# Monday afternoon



## kc5tpy (Apr 27, 2015)

Hello.  OK! It’s not a 7 kg. brisket but I am just trying to get back in the game.  We all know the drill here:  Off with the Parson’s nose, out with the wishbone.  Hack ‘em up.  Count your fingers ( 9 or 10 more or less ).  Salt, pepper.  On to the heat and smoke and around 1 hour later ( IT 165-167 ) ya got a meal.  Most of this is going to family and friends who have been waiting for months for me to pull my head out.

We are getting some good weather now ( finally ) so let’s get out there and start smoking!

Danny













P1010114.JPG



__ kc5tpy
__ Apr 27, 2015


----------



## jockaneezer (Apr 27, 2015)

Just sparking the weber up now, son's coming over for a ribeye. Sunny here too but a bitingly chill wind


----------



## smokin monkey (Apr 27, 2015)

Good to see the Texan back in the Saddle!

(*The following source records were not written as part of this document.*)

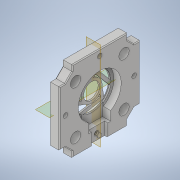
# Autodesk Inventor part: 20_Cube_Insert_VCA_base_lower_v0
Saved by Autodesk Inventor 2022.3 (Build 263350000, 350)
## iProperties
Created: 2019-07-01
Part Number: 20_Cube_Insert_VCA_base_lower_v0
Material: Generic
Document SubType Name: Modeling
Designer: diederichbenedict
Density: 1 g/cm^3
Appearance: Default
Author: diederichbenedict
Autodesk Inventor part; units mm, degrees
ref_plane "YZ Plane" through (0, 0, 0) normal (1, 0, 0) x (0, 1, 0)
ref_plane "XZ Plane" through (0, 0, 0) normal (0, 1, 0) x (-1, 0, 0)
ref_plane "Work Plane1" through (3.0022, -38.4528, -56.3184) normal (-1, 0, 0) x (0, -1, 0)
sketch "Sketch1" plane through (3.0022, -38.4528, -56.3184) normal (-1, 0, 0) x (0, -1, 0)
  line L0 (-4.0299, -0.3538) -> (-2.2322, 1.4439) construction
  arc A0 (-1.4439, 2.2322) -> (-2.2322, 1.4439) centre (-0.9299, 0.9299) ccw construction
  line L1 (-1.4439, 2.2322) -> (0.3538, 4.0299) construction
  line L2 (-37.8299, 42.8299) -> (-37.8299, 37.8299) construction
  line L3 (-37.8299, 37.8299) -> (-42.9208, 37.8299) construction
  line L4 (-37.8299, 42.2137) -> (-37.8299, 45.8299) construction
  line L5 (-37.8299, 45.8299) -> (-4.0299, 45.8299) construction
  line L6 (-4.0299, 45.8299) -> (-4.0299, 42.2137) construction
  line L7 (-4.0299, 4.0299) -> (0.3538, 4.0299) projected
  circle A1 centre (-20.9299, 20.9299) radius 17.5 projected
  line L8 (-20.9299, 58.9723) -> (17.1124, 20.9299) construction
  line L9 (17.1124, 20.9299) -> (-20.9299, -17.1124) construction
  line L10 (-20.9299, -17.1124) -> (-58.9723, 20.9299) construction
  line L11 (-58.9723, 20.9299) -> (-20.9299, 58.9723) construction
  line L12 (-20.9299, 58.9723) -> (-20.9299, -17.1124) construction
  line L13 (17.1124, 20.9299) -> (-58.9723, 20.9299) construction
  line L14 (-20.9299, 58.9723) -> (32.8701, 58.9723) construction
  line L15 (-43.4299, 43.4299) -> (1.5701, 43.4299) construction
  line L16 (1.5701, 43.4299) -> (1.5701, -1.5701) construction
  line L17 (1.5701, -1.5701) -> (-43.4299, -1.5701) construction
  line L18 (-43.4299, -1.5701) -> (-43.4299, 43.4299) construction
  line L19 (-43.4299, 43.4299) -> (1.5701, -1.5701) construction
  line L20 (1.5701, 43.4299) -> (-43.4299, -1.5701) construction
  line L21 (-43.4299, 5.3876) -> (-43.4299, 36.4723)
  line L22 (-43.4299, 36.4723) -> (-36.4723, 43.4299)
  line L23 (-36.4723, 43.4299) -> (-5.3876, 43.4299)
  line L24 (-5.3876, 43.4299) -> (1.5701, 36.4723)
  line L25 (1.5701, 36.4723) -> (1.5701, 5.3876)
  line L26 (1.5701, 5.3876) -> (-5.3876, -1.5701)
  line L27 (-5.3876, -1.5701) -> (-36.4723, -1.5701)
  line L28 (-36.4723, -1.5701) -> (-43.4299, 5.3876)
  line L29 (-4.0299, 42.2137) -> (-37.8299, 42.2137) projected
  line L30 (-4.0299, -0.3538) -> (-4.0299, 4.0299) projected
  circle A2 centre (-20.9299, 20.9299) radius 1.5
  line L31 (-10.9299, 10.9299) -> (-30.9299, 10.9299) construction
  line L32 (-30.9299, 10.9299) -> (-30.9299, 30.9299) construction
  line L33 (-30.9299, 30.9299) -> (-10.9299, 30.9299) construction
  line L34 (-10.9299, 30.9299) -> (-10.9299, 10.9299) construction
  line L35 (-10.9299, 10.9299) -> (-30.9299, 30.9299) construction
  line L36 (-30.9299, 10.9299) -> (-10.9299, 30.9299) construction
  circle A3 centre (-30.9299, 30.9299) radius 1.4
  circle A4 centre (-30.9299, 10.9299) radius 1.4
  circle A5 centre (-10.9299, 10.9299) radius 1.4
  line L37 (-45.8299, 37.8299) -> (-42.0723, 37.8299) construction
  line L38 (-42.1723, 37.7299) -> (-45.8299, 37.7299)
  line L39 (-45.8299, 37.7299) -> (-45.8299, 4.1299)
  line L40 (-45.8299, 4.1299) -> (-42.1723, 4.1299)
  line L41 (-42.1723, 4.1299) -> (-42.1723, 37.7299)
  line L42 (-45.8299, 4.0299) -> (-42.0723, 4.0299) construction
  line L43 (-45.8299, 37.8299) -> (-42.0723, 37.8299) projected
  line L44 (-37.7299, 45.8299) -> (-4.1299, 45.8299)
  line L45 (-4.1299, 45.8299) -> (-4.1299, 42.1723)
  line L46 (-4.1299, 42.1723) -> (-37.7299, 42.1723)
  line L47 (-37.7299, 42.1723) -> (-37.7299, 45.8299)
  line L48 (0.4701, 37.8299) -> (0.4701, 4.0299) construction
  line L49 (0.4701, 4.0299) -> (3.9701, 4.0299) construction
  line L50 (3.9701, 37.8299) -> (3.9701, 4.0299) construction
  line L51 (0.4701, 37.8299) -> (3.9701, 37.8299) construction
  line L52 (-45.8299, -3.9701) -> (-4.0299, -3.9701) construction
  line L53 (0.3124, 37.7299) -> (3.9701, 37.7299)
  line L54 (3.9701, 37.7299) -> (3.9701, 4.1299)
  line L55 (3.9701, 4.1299) -> (0.3124, 4.1299)
  line L56 (0.3124, 4.1299) -> (0.3124, 37.7299)
  line L57 (-4.1713, -0.3538) -> (-37.7299, -0.3538)
  line L58 (-37.7299, -0.3538) -> (-37.7299, -3.9701)
  line L59 (-37.7299, -3.9701) -> (-4.1713, -3.9701)
  line L60 (-4.1713, -3.9701) -> (-4.1713, -0.3538)
  point P0 (-37.8299, 4.0299)
  dimension "d18" = 53.8
  dimension "d19" = 45
  dimension "d20" = 53.8
  dimension "d21" = 45
  dimension "d22" = 45
  dimension "d30" = 20
  dimension "d31" = 20
  dimension "d32" = 2.8
  dimension "d33" = 2.8
  dimension "d34" = 2.8
  dimension "d35" = 3
  dimension "d36" = 0.1
  dimension "d37" = 0.1
  dimension "d38" = 0.1
  dimension "d39" = 0.1
  constraints: 86 end point, 21 point on line, 14 parallel, 8 perpendicular, 7 horizontal, 7 midpoint, 4 centre point, 4 coincident, 1 equal length
  measures "d18" distance of L8.start L8.end
  measures "d19" angle of L8 L14
  measures "d20" distance of L8.end L9.end
  measures "d21" distance of L16.end L17.end
  measures "d22" distance of L15.end L16.end
  measures "d30" distance of L32.end L33.end
  measures "d31" distance of L31.end L32.end
  measures "d32" diameter of A3
  measures "d33" diameter of A4
  measures "d34" diameter of A5
  measures "d35" diameter of A2
  measures "d36" distance between parallel lines of L38 L43
  measures "d37" distance between parallel lines of L40 L42
  measures "d38" distance between parallel lines of L45 L6
  measures "d39" distance between parallel lines of L4 L47
extrude "Extrusion1" add sketch "Sketch1" along normal blind 6 contours L30 L26 L57 L28 L41 L22 L46 L24 L56 L7 | L7 L26 L30 | L56 L24 L25 L26 | L26 L25 L24 L53 L54 L55 | L60 L59 L58 L57 L28 L27 L26 | L26 L27 L28 L57 | L46 L22 L29 L24 | L24 L29 L45 | L40 L39 L38 L22 L21 L28 | L28 L21 L22 L41 | L29 L22 L23 L24 | L24 L23 L22 L29 L47 L44 L45 | L47 L29 L22 | A1 | A2 | A3 | A4 | A5
sketch "Skizze4" plane through (-2.9978, -38.4528, -56.3184) normal (-1, 0, 0) x (0, -1, 0)
  line L0 (-37.7299, 42.1723) -> (-42.1723, 37.7299) projected
  line L1 (-42.1723, 37.7299) -> (-45.8299, 37.7299) projected
  line L2 (-45.8299, 37.7299) -> (-45.8299, 4.1299) construction
  line L3 (-45.8299, 4.1299) -> (-42.1723, 4.1299) projected
  line L4 (-42.1723, 4.1299) -> (-37.6885, -0.3538) projected
  line L5 (-37.6885, -0.3538) -> (-37.7299, -0.3538) projected
  line L6 (-37.7299, -0.3538) -> (-37.7299, -3.9701) projected
  line L7 (-37.7299, -3.9701) -> (-4.1713, -3.9701) construction
  line L8 (-4.1713, -3.9701) -> (-4.1713, -0.3538) projected
  line L9 (-4.1713, -0.3538) -> (0.3124, 4.1299) projected
  line L10 (0.3124, 4.1299) -> (3.9701, 4.1299) projected
  line L11 (3.9701, 4.1299) -> (3.9701, 37.7299) construction
  line L12 (3.9701, 37.7299) -> (0.3124, 37.7299) projected
  line L13 (0.3124, 37.7299) -> (-4.1299, 42.1723) projected
  line L14 (-4.1299, 42.1723) -> (-4.1299, 45.8299) projected
  line L15 (-4.1299, 45.8299) -> (-37.7299, 45.8299) construction
  line L16 (-37.7299, 45.8299) -> (-37.7299, 42.1723) projected
  line L17 (-37.9299, 46.0299) -> (-3.9299, 46.0299) construction
  line L18 (-3.9299, 46.0299) -> (-3.9299, 42.2551)
  line L19 (-3.9299, 42.2551) -> (0.3953, 37.9299)
  line L20 (0.3953, 37.9299) -> (4.1701, 37.9299)
  line L21 (4.1701, 37.9299) -> (4.1701, 3.9299) construction
  line L22 (4.1701, 3.9299) -> (0.3953, 3.9299)
  line L23 (0.3953, 3.9299) -> (-3.9713, -0.4367)
  line L24 (-3.9713, -0.4367) -> (-3.9713, -4.1701)
  line L25 (-3.9713, -4.1701) -> (-37.9299, -4.1701) construction
  line L26 (-37.9299, -4.1701) -> (-37.9299, -0.3953)
  line L27 (-37.9299, -0.3953) -> (-42.2551, 3.9299)
  line L28 (-42.2551, 3.9299) -> (-46.0299, 3.9299)
  line L29 (-46.0299, 3.9299) -> (-46.0299, 37.9299) construction
  line L30 (-46.0299, 37.9299) -> (-42.2551, 37.9299)
  line L31 (-42.2551, 37.9299) -> (-37.9299, 42.2551)
  line L32 (-37.9299, 42.2551) -> (-37.9299, 46.0299)
  line L33 (-45.8299, 37.7299) -> (-45.8299, 37.9299)
  line L34 (-4.1299, 45.8299) -> (-37.7299, 45.8299) projected
  line L35 (-37.7299, 45.8299) -> (-37.9299, 45.8299)
  line L36 (-4.1299, 45.8299) -> (-3.9299, 45.8299)
  line L37 (3.9701, 37.7299) -> (3.9701, 37.9299)
  line L38 (3.9701, 4.1299) -> (3.9701, 37.7299) projected
  line L39 (3.9701, 4.1299) -> (3.9701, 3.9299)
  line L40 (-4.1713, -3.9701) -> (-3.9713, -3.9701)
  line L41 (-37.7299, -3.9701) -> (-37.9299, -3.9701)
  line L42 (-45.8299, 4.1299) -> (-45.8299, 3.9299)
  point P0 (-38.4528, 56.3184)
  dimension "d40" = 0.2
  constraints: 48 end point, 12 point on line, 4 perpendicular, 15 other
  measures "d40" distance between parallel lines of L15 L17
extrude "IM_offset" add sketch "Skizze4" against normal up to surface (6 mm away)
ref_plane "Arbeitsebene5" through (3.0022, -17.5229, -52.3885) normal (0, -1, 0) x (1, 0, 0)
ref_plane "Arbeitsebene6" through (3.0022, -0.5229, -35.3885) normal (0, 0, 1) x (0, -1, 0)
sketch "Skizze31" plane through (-2.9978, -38.4528, -56.3184) normal (-1, 0, 0) x (0, -1, 0)
  line L0 (3.9701, 3.9299) -> (3.9701, 37.9299) projected
  line L1 (3.9701, 37.9299) -> (0.3953, 37.9299) projected
  line L2 (0.3953, 37.9299) -> (-3.9299, 42.2551) projected
  line L3 (-3.9299, 42.2551) -> (-3.9299, 45.8299) projected
  line L4 (-3.9299, 45.8299) -> (-37.9299, 45.8299) projected
  line L5 (-37.9299, 45.8299) -> (-37.9299, 42.2551) projected
  line L6 (-37.9299, 42.2551) -> (-42.2551, 37.9299) projected
  line L7 (-42.2551, 37.9299) -> (-45.8299, 37.9299) projected
  line L8 (-45.8299, 37.9299) -> (-45.8299, 3.9299) projected
  line L9 (-42.2551, 3.9299) -> (-45.8299, 3.9299) projected
  line L10 (-37.9299, -0.3953) -> (-42.2551, 3.9299) projected
  line L11 (-37.9299, -3.9701) -> (-37.9299, -0.3953) projected
  line L12 (-3.9713, -3.9701) -> (-37.9299, -3.9701) projected
  line L13 (-3.9713, -3.9701) -> (-3.9713, -0.4367) projected
  line L14 (-3.9713, -0.4367) -> (0.3953, 3.9299) projected
  line L15 (0.3953, 3.9299) -> (3.9701, 3.9299) projected
  circle A0 centre (-20.9506, 20.9092) radius 11.5
  arc A1 (-17.516, 31.8843) -> (-32.4478, 21.1639) centre (-20.9506, 20.9092) ccw projected
  point P0 (-38.4528, 56.3184)
  dimension "d181" = 23
  constraints: 1 centre point
  measures "d181" diameter of A0
extrude "Extrusion26" cut sketch "Skizze31" against normal blind 10 contours A0
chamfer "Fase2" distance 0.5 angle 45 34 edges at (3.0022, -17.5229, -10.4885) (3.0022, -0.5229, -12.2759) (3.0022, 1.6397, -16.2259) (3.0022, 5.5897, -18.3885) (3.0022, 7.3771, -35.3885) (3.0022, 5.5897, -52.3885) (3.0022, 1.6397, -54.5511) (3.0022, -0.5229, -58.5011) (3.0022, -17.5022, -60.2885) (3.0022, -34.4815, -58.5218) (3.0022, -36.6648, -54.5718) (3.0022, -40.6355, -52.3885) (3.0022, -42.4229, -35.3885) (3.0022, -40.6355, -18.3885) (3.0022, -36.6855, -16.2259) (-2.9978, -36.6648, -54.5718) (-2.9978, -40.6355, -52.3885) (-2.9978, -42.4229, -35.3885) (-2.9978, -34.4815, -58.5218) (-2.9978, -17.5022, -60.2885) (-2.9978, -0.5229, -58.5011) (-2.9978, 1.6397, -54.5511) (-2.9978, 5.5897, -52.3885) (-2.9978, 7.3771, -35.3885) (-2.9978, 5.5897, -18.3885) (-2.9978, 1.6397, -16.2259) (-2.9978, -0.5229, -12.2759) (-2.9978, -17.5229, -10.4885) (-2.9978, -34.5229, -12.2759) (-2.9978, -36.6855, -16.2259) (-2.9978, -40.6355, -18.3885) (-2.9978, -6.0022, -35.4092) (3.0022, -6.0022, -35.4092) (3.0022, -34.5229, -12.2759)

Good looking Chicken, on my way over!

Smokin Monkey


----------



## mr t 59874 (Apr 27, 2015)

Nice looking birds there Danny and such a simple recipe. You must like the taste of chicken. 
	

	
	
		
		



		
		
	


	





One question.  Do those UK birds fly and run in circles?  
	

	
	
		
		



		
		
	


	





   I can see it would make them easier to lasso.

Tom


----------



## thenegativeone (Apr 27, 2015)

Nice, can't whack a smoked chicken for a quick and easy smoke. Looks good.


----------



## kc5tpy (Apr 27, 2015)

Thanks guys.  I haven't been myself lately.  Nothing on the ole Weber since Christmas day.  Trying to get things back to normal.  Head is firmly pulled out and gonna be smokin again!  Forgot how much fun I have doing it.  Yard bird was an easy way to get back in the swing.  Mix of pecan, cherry and a little oak for smoke and you are away.  I didn't use mesquite cause most of those went to family and friends.  I don't think the U.K. public is ready for full on mesquite on chicken.  Keep Smokin!

Danny


----------